> What is needed
From the line below that contains "#6834 = CARTESIAN_POINT" to the line that contains "#7749 = VECTOR ( 'NONE', #1205, 39.37008 ) ;", repeat every line exactly, both ends included, and nothing else.

> Records shown

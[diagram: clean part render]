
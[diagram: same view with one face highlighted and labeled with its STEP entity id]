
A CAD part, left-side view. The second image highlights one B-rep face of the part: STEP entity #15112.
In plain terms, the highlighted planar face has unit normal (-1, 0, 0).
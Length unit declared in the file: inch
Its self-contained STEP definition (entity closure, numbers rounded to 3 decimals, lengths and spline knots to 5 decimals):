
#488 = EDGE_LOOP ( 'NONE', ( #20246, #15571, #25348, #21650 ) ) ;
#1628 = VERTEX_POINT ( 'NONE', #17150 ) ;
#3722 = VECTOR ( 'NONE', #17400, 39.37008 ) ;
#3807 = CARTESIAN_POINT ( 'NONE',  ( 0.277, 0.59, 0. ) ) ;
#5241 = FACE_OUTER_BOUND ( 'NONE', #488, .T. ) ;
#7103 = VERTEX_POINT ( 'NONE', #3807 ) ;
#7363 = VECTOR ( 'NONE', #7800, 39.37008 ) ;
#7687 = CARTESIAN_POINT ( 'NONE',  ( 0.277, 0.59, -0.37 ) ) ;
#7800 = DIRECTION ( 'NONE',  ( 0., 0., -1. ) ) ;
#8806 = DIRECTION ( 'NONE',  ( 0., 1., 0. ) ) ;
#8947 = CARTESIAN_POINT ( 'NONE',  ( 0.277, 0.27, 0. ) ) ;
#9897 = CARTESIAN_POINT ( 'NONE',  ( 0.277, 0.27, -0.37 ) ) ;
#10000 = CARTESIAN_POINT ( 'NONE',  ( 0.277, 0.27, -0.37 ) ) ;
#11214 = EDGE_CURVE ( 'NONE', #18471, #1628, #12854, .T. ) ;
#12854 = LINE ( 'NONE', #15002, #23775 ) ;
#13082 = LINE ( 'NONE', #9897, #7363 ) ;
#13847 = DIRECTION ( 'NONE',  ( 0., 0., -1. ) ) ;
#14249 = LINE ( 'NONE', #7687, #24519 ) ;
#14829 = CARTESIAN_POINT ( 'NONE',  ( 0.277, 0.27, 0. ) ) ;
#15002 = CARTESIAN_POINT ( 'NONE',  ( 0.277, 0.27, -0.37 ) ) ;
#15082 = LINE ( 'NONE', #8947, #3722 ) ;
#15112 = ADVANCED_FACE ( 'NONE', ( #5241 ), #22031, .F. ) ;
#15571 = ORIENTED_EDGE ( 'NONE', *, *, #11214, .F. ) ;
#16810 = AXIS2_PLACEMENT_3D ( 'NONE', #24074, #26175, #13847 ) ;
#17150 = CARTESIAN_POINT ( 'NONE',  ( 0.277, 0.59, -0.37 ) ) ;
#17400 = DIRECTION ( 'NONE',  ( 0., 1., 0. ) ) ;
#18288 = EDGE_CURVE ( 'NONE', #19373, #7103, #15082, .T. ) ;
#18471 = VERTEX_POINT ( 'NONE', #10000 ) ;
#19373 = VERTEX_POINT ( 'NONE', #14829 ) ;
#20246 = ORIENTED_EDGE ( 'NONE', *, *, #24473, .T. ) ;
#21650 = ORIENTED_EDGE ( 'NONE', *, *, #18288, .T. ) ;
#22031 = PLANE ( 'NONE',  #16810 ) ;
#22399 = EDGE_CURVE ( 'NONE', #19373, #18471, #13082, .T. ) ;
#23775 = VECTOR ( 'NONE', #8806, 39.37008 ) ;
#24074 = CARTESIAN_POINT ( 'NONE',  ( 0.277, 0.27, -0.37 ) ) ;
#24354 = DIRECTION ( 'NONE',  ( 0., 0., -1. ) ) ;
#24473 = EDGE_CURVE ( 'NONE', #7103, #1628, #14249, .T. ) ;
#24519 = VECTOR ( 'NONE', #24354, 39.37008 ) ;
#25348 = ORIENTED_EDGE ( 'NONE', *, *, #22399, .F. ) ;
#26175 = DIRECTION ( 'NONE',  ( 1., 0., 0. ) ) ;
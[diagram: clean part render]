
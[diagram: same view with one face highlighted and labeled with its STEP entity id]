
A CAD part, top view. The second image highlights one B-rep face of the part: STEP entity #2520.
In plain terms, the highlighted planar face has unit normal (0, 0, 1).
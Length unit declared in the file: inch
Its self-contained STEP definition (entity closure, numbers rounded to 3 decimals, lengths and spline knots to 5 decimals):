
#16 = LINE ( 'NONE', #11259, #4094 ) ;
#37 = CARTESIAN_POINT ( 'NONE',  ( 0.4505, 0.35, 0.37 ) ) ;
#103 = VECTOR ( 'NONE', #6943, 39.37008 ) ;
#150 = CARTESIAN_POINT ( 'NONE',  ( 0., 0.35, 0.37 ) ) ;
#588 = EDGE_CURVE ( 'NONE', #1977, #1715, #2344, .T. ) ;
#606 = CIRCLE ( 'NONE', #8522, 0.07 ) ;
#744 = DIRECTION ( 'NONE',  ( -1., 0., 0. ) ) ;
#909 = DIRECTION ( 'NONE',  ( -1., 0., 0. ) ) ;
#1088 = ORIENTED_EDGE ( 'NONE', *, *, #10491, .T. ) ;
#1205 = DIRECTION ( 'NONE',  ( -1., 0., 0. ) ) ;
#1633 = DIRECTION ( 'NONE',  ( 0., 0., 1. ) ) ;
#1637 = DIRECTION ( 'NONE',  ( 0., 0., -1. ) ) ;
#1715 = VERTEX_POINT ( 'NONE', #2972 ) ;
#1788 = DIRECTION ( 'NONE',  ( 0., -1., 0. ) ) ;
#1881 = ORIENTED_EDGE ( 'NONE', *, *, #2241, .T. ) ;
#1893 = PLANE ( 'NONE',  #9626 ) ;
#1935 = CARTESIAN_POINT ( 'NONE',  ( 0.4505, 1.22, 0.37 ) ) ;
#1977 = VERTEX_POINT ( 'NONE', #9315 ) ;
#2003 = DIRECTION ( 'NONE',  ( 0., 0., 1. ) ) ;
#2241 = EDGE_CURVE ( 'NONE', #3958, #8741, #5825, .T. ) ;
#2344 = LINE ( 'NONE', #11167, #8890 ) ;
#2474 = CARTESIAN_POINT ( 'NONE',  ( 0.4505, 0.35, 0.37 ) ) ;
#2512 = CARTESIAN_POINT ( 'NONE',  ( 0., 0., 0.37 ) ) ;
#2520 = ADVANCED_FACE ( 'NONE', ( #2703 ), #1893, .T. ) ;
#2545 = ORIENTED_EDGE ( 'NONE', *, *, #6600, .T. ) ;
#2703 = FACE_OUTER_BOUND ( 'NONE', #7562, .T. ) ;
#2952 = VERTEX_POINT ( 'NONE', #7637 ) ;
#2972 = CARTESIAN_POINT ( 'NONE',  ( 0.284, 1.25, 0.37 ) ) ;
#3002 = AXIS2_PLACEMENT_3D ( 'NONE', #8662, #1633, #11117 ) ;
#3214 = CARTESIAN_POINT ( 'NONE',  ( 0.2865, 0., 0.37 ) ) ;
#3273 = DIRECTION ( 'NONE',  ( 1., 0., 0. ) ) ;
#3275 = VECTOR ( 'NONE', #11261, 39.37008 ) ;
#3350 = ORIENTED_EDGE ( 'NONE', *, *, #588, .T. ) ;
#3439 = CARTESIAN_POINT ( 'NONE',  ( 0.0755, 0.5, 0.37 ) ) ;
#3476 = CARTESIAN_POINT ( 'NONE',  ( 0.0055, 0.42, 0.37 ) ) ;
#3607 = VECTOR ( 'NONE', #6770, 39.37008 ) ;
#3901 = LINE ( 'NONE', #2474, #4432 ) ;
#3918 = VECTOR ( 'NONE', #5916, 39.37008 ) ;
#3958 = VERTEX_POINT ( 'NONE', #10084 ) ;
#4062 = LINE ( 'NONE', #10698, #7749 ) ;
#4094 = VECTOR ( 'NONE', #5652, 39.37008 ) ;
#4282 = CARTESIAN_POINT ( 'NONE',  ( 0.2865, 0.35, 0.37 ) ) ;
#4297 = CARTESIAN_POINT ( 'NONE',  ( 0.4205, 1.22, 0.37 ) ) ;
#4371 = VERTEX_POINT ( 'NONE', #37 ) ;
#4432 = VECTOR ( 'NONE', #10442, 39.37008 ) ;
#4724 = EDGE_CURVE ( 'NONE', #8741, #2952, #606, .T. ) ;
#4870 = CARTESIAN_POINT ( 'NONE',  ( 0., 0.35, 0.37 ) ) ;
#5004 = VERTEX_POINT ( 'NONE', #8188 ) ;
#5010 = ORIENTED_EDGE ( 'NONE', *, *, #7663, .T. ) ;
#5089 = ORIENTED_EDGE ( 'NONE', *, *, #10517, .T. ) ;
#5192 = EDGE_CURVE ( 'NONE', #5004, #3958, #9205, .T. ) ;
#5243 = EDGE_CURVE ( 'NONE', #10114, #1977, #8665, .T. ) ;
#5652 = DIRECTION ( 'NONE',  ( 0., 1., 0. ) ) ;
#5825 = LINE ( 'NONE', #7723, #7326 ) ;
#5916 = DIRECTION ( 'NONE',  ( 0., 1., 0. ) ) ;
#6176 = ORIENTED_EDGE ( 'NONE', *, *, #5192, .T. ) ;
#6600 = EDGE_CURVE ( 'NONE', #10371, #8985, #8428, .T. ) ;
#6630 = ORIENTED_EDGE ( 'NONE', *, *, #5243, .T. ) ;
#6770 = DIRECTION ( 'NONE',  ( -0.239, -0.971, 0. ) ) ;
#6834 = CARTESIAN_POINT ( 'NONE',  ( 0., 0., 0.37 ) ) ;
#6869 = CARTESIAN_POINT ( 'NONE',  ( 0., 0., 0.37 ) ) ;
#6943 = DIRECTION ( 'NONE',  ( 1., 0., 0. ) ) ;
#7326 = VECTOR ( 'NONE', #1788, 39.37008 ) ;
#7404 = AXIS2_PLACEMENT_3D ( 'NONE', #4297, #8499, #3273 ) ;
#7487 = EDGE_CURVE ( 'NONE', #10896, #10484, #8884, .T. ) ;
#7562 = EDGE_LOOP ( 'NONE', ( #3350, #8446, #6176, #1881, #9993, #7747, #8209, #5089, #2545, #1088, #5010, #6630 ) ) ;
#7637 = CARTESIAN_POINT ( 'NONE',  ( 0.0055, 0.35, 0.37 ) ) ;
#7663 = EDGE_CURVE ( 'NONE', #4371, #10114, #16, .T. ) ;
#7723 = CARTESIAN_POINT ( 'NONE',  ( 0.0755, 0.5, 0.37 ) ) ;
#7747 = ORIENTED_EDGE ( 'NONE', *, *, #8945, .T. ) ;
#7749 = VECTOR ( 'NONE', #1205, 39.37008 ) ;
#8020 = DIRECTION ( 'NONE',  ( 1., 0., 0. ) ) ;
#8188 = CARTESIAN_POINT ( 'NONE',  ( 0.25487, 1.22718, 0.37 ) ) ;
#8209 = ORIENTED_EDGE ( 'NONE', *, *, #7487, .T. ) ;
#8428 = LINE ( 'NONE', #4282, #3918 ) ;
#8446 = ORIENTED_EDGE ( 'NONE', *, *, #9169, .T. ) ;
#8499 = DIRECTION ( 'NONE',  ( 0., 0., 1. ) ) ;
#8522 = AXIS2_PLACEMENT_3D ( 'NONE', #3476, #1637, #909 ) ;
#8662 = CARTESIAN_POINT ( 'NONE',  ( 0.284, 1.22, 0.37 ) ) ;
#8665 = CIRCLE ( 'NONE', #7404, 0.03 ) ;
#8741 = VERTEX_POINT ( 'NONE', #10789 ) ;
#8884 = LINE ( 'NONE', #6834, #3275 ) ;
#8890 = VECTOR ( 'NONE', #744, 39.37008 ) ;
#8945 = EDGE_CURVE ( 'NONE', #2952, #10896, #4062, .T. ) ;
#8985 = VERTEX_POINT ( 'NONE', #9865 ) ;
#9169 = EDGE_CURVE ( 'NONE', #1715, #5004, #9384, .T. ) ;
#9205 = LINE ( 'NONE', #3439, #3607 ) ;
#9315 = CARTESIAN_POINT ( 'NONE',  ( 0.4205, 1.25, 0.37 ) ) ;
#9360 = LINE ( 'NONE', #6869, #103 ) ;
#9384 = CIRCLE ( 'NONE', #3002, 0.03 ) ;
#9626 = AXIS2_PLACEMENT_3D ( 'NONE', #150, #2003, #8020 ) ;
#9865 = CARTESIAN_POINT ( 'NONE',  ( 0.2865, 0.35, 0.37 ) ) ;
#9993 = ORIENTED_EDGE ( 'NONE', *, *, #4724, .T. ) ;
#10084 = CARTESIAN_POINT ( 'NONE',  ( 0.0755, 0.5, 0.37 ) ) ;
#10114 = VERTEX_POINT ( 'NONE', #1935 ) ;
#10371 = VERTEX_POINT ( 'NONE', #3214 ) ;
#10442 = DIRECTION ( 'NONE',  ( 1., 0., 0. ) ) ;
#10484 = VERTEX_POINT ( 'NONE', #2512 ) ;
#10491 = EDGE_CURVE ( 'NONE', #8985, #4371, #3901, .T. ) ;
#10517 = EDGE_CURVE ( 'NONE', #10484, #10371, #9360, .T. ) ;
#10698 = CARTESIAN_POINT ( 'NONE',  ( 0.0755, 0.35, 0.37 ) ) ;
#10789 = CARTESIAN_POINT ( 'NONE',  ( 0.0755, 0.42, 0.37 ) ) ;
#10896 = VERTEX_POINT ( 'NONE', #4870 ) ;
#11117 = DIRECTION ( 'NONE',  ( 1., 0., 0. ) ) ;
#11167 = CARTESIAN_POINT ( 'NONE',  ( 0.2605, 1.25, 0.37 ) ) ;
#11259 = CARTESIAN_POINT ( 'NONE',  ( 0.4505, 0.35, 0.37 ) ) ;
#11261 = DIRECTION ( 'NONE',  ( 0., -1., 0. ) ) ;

> Answer space
#6834 = CARTESIAN_POINT ( 'NONE',  ( 0., 0., 0.37 ) ) ;
#6869 = CARTESIAN_POINT ( 'NONE',  ( 0., 0., 0.37 ) ) ;
#6943 = DIRECTION ( 'NONE',  ( 1., 0., 0. ) ) ;
#7326 = VECTOR ( 'NONE', #1788, 39.37008 ) ;
#7404 = AXIS2_PLACEMENT_3D ( 'NONE', #4297, #8499, #3273 ) ;
#7487 = EDGE_CURVE ( 'NONE', #10896, #10484, #8884, .T. ) ;
#7562 = EDGE_LOOP ( 'NONE', ( #3350, #8446, #6176, #1881, #9993, #7747, #8209, #5089, #2545, #1088, #5010, #6630 ) ) ;
#7637 = CARTESIAN_POINT ( 'NONE',  ( 0.0055, 0.35, 0.37 ) ) ;
#7663 = EDGE_CURVE ( 'NONE', #4371, #10114, #16, .T. ) ;
#7723 = CARTESIAN_POINT ( 'NONE',  ( 0.0755, 0.5, 0.37 ) ) ;
#7747 = ORIENTED_EDGE ( 'NONE', *, *, #8945, .T. ) ;
#7749 = VECTOR ( 'NONE', #1205, 39.37008 ) ;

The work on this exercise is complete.